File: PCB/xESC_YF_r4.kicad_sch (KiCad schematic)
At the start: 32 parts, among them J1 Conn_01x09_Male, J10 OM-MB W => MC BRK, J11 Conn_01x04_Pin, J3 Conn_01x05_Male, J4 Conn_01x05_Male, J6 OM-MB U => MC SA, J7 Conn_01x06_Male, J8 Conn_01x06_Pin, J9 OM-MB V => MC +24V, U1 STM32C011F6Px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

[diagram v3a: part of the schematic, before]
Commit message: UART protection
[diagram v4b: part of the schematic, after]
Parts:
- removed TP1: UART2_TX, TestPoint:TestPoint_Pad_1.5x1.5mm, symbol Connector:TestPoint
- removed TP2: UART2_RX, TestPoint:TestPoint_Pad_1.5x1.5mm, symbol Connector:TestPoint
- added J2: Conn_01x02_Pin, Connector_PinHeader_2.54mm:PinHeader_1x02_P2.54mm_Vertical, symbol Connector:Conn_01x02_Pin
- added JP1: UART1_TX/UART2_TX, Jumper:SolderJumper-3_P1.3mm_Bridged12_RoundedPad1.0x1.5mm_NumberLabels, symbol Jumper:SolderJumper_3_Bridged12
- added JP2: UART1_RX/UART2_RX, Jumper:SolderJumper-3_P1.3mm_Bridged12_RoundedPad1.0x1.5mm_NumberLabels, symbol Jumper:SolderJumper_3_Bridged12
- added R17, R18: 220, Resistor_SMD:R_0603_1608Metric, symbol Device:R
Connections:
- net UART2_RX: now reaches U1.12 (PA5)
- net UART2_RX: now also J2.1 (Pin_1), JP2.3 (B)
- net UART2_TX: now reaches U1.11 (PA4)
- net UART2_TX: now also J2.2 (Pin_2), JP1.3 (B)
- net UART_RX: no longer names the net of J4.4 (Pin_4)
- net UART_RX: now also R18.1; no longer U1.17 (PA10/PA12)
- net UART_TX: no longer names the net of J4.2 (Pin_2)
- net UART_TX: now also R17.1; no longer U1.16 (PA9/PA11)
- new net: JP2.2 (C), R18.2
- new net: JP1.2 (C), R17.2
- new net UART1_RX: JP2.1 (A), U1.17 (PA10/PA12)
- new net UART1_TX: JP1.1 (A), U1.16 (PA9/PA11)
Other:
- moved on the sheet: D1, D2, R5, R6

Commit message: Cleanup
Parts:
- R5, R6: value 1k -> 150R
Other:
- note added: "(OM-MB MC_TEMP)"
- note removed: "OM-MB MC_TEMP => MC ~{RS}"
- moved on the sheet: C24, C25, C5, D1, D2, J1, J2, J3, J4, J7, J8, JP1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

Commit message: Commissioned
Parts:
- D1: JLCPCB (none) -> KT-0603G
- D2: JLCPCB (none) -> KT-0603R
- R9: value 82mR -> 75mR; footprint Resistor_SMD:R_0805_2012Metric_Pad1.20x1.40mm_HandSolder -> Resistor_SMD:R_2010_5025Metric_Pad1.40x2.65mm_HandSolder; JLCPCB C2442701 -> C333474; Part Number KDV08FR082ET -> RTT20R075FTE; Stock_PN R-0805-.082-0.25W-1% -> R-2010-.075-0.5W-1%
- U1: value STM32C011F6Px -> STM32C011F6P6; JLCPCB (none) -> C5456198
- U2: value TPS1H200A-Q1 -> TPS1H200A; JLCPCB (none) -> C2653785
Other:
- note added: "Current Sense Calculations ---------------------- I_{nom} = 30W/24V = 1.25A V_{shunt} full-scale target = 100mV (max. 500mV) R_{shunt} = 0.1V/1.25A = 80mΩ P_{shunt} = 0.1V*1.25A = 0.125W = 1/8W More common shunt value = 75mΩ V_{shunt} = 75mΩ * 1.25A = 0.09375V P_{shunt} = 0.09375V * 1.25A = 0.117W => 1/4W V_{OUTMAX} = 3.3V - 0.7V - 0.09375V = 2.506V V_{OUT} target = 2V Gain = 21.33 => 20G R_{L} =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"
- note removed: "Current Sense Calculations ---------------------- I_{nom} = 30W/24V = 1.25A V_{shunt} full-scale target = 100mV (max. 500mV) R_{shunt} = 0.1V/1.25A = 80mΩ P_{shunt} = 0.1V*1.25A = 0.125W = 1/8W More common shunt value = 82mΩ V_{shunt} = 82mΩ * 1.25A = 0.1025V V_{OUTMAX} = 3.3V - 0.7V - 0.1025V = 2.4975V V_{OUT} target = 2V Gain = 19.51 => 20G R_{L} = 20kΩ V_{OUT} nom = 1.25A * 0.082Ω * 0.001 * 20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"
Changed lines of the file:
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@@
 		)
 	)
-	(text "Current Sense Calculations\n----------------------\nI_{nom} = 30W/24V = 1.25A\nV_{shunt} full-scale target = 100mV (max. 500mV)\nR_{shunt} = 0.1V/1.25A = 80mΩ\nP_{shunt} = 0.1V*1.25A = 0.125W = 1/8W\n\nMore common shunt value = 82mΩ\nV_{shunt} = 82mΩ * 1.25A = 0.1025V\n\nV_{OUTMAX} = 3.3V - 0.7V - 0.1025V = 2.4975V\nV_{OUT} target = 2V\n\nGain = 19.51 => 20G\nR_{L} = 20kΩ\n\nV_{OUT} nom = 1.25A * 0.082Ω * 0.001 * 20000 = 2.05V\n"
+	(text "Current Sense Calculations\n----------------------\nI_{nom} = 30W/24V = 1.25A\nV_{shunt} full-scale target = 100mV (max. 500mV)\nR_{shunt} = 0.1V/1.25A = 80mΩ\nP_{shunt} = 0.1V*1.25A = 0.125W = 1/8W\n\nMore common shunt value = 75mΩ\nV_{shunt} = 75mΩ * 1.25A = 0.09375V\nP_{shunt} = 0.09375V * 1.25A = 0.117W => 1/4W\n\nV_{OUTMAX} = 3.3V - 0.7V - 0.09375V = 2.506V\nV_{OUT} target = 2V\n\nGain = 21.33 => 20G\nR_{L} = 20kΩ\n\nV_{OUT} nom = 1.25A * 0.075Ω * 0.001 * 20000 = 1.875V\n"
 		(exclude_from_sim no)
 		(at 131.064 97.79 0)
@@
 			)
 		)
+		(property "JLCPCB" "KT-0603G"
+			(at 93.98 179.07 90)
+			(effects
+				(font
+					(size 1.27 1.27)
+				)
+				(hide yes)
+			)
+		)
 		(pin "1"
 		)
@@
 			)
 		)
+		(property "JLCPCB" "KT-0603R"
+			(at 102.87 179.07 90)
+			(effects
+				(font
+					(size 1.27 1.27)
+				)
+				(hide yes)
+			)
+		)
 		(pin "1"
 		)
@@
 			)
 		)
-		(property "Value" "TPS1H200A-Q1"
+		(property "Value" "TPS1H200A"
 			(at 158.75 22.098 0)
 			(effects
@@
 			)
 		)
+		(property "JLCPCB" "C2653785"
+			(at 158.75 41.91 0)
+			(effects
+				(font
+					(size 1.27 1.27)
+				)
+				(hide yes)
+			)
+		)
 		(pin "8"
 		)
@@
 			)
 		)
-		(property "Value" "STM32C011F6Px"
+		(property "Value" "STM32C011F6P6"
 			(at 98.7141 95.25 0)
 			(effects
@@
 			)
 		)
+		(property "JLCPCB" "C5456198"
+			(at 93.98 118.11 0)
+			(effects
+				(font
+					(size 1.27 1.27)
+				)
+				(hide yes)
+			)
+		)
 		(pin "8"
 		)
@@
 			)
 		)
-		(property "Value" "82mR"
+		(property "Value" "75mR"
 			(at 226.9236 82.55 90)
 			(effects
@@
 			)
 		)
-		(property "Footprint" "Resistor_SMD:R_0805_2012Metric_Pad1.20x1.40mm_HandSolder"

============

** Instructions for the task **
Nothing in the listing should be left out; repeat it exactly.

** Completed exercise **
File: PCB/xESC_YF_r4.kicad_sch (KiCad schematic)
At the start: 32 parts, among them J1 Conn_01x09_Male, J10 OM-MB W => MC BRK, J11 Conn_01x04_Pin, J3 Conn_01x05_Male, J4 Conn_01x05_Male, J6 OM-MB U => MC SA, J7 Conn_01x06_Male, J8 Conn_01x06_Pin, J9 OM-MB V => MC +24V, U1 STM32C011F6Px

[diagram v3a: part of the schematic, before]
Commit message: UART protection
[diagram v4b: part of the schematic, after]
Parts:
- removed TP1: UART2_TX, TestPoint:TestPoint_Pad_1.5x1.5mm, symbol Connector:TestPoint
- removed TP2: UART2_RX, TestPoint:TestPoint_Pad_1.5x1.5mm, symbol Connector:TestPoint
- added J2: Conn_01x02_Pin, Connector_PinHeader_2.54mm:PinHeader_1x02_P2.54mm_Vertical, symbol Connector:Conn_01x02_Pin
- added JP1: UART1_TX/UART2_TX, Jumper:SolderJumper-3_P1.3mm_Bridged12_RoundedPad1.0x1.5mm_NumberLabels, symbol Jumper:SolderJumper_3_Bridged12
- added JP2: UART1_RX/UART2_RX, Jumper:SolderJumper-3_P1.3mm_Bridged12_RoundedPad1.0x1.5mm_NumberLabels, symbol Jumper:SolderJumper_3_Bridged12
- added R17, R18: 220, Resistor_SMD:R_0603_1608Metric, symbol Device:R
Connections:
- net UART2_RX: now reaches U1.12 (PA5)
- net UART2_RX: now also J2.1 (Pin_1), JP2.3 (B)
- net UART2_TX: now reaches U1.11 (PA4)
- net UART2_TX: now also J2.2 (Pin_2), JP1.3 (B)
- net UART_RX: no longer names the net of J4.4 (Pin_4)
- net UART_RX: now also R18.1; no longer U1.17 (PA10/PA12)
- net UART_TX: no longer names the net of J4.2 (Pin_2)
- net UART_TX: now also R17.1; no longer U1.16 (PA9/PA11)
- new net: JP2.2 (C), R18.2
- new net: JP1.2 (C), R17.2
- new net UART1_RX: JP2.1 (A), U1.17 (PA10/PA12)
- new net UART1_TX: JP1.1 (A), U1.16 (PA9/PA11)
Other:
- moved on the sheet: D1, D2, R5, R6

Commit message: Cleanup
Parts:
- R5, R6: value 1k -> 150R
Other:
- note added: "(OM-MB MC_TEMP)"
- note removed: "OM-MB MC_TEMP => MC ~{RS}"
- moved on the sheet: C24, C25, C5, D1, D2, J1, J2, J3, J4, J7, J8, JP1

Commit message: Commissioned
Parts:
- D1: JLCPCB (none) -> KT-0603G
- D2: JLCPCB (none) -> KT-0603R
- R9: value 82mR -> 75mR; footprint Resistor_SMD:R_0805_2012Metric_Pad1.20x1.40mm_HandSolder -> Resistor_SMD:R_2010_5025Metric_Pad1.40x2.65mm_HandSolder; JLCPCB C2442701 -> C333474; Part Number KDV08FR082ET -> RTT20R075FTE; Stock_PN R-0805-.082-0.25W-1% -> R-2010-.075-0.5W-1%
- U1: value STM32C011F6Px -> STM32C011F6P6; JLCPCB (none) -> C5456198
- U2: value TPS1H200A-Q1 -> TPS1H200A; JLCPCB (none) -> C2653785
Other:
- note added: "Current Sense Calculations ---------------------- I_{nom} = 30W/24V = 1.25A V_{shunt} full-scale target = 100mV (max. 500mV) R_{shunt} = 0.1V/1.25A = 80mΩ P_{shunt} = 0.1V*1.25A = 0.125W = 1/8W More common shunt value = 75mΩ V_{shunt} = 75mΩ * 1.25A = 0.09375V P_{shunt} = 0.09375V * 1.25A = 0.117W => 1/4W V_{OUTMAX} = 3.3V - 0.7V - 0.09375V = 2.506V V_{OUT} target = 2V Gain = 21.33 => 20G R_{L} ="
- note removed: "Current Sense Calculations ---------------------- I_{nom} = 30W/24V = 1.25A V_{shunt} full-scale target = 100mV (max. 500mV) R_{shunt} = 0.1V/1.25A = 80mΩ P_{shunt} = 0.1V*1.25A = 0.125W = 1/8W More common shunt value = 82mΩ V_{shunt} = 82mΩ * 1.25A = 0.1025V V_{OUTMAX} = 3.3V - 0.7V - 0.1025V = 2.4975V V_{OUT} target = 2V Gain = 19.51 => 20G R_{L} = 20kΩ V_{OUT} nom = 1.25A * 0.082Ω * 0.001 * 20"
Changed lines of the file:
@@
 		)
 	)
-	(text "Current Sense Calculations\n----------------------\nI_{nom} = 30W/24V = 1.25A\nV_{shunt} full-scale target = 100mV (max. 500mV)\nR_{shunt} = 0.1V/1.25A = 80mΩ\nP_{shunt} = 0.1V*1.25A = 0.125W = 1/8W\n\nMore common shunt value = 82mΩ\nV_{shunt} = 82mΩ * 1.25A = 0.1025V\n\nV_{OUTMAX} = 3.3V - 0.7V - 0.1025V = 2.4975V\nV_{OUT} target = 2V\n\nGain = 19.51 => 20G\nR_{L} = 20kΩ\n\nV_{OUT} nom = 1.25A * 0.082Ω * 0.001 * 20000 = 2.05V\n"
+	(text "Current Sense Calculations\n----------------------\nI_{nom} = 30W/24V = 1.25A\nV_{shunt} full-scale target = 100mV (max. 500mV)\nR_{shunt} = 0.1V/1.25A = 80mΩ\nP_{shunt} = 0.1V*1.25A = 0.125W = 1/8W\n\nMore common shunt value = 75mΩ\nV_{shunt} = 75mΩ * 1.25A = 0.09375V\nP_{shunt} = 0.09375V * 1.25A = 0.117W => 1/4W\n\nV_{OUTMAX} = 3.3V - 0.7V - 0.09375V = 2.506V\nV_{OUT} target = 2V\n\nGain = 21.33 => 20G\nR_{L} = 20kΩ\n\nV_{OUT} nom = 1.25A * 0.075Ω * 0.001 * 20000 = 1.875V\n"
 		(exclude_from_sim no)
 		(at 131.064 97.79 0)
@@
 			)
 		)
+		(property "JLCPCB" "KT-0603G"
+			(at 93.98 179.07 90)
+			(effects
+				(font
+					(size 1.27 1.27)
+				)
+				(hide yes)
+			)
+		)
 		(pin "1"
 		)
@@
 			)
 		)
+		(property "JLCPCB" "KT-0603R"
+			(at 102.87 179.07 90)
+			(effects
+				(font
+					(size 1.27 1.27)
+				)
+				(hide yes)
+			)
+		)
 		(pin "1"
 		)
@@
 			)
 		)
-		(property "Value" "TPS1H200A-Q1"
+		(property "Value" "TPS1H200A"
 			(at 158.75 22.098 0)
 			(effects
@@
 			)
 		)
+		(property "JLCPCB" "C2653785"
+			(at 158.75 41.91 0)
+			(effects
+				(font
+					(size 1.27 1.27)
+				)
+				(hide yes)
+			)
+		)
 		(pin "8"
 		)
@@
 			)
 		)
-		(property "Value" "STM32C011F6Px"
+		(property "Value" "STM32C011F6P6"
 			(at 98.7141 95.25 0)
 			(effects
@@
 			)
 		)
+		(property "JLCPCB" "C5456198"
+			(at 93.98 118.11 0)
+			(effects
+				(font
+					(size 1.27 1.27)
+				)
+				(hide yes)
+			)
+		)
 		(pin "8"
 		)
@@
 			)
 		)
-		(property "Value" "82mR"
+		(property "Value" "75mR"
 			(at 226.9236 82.55 90)
 			(effects
@@
 			)
 		)
-		(property "Footprint" "Resistor_SMD:R_0805_2012Metric_Pad1.20x1.40mm_HandSolder"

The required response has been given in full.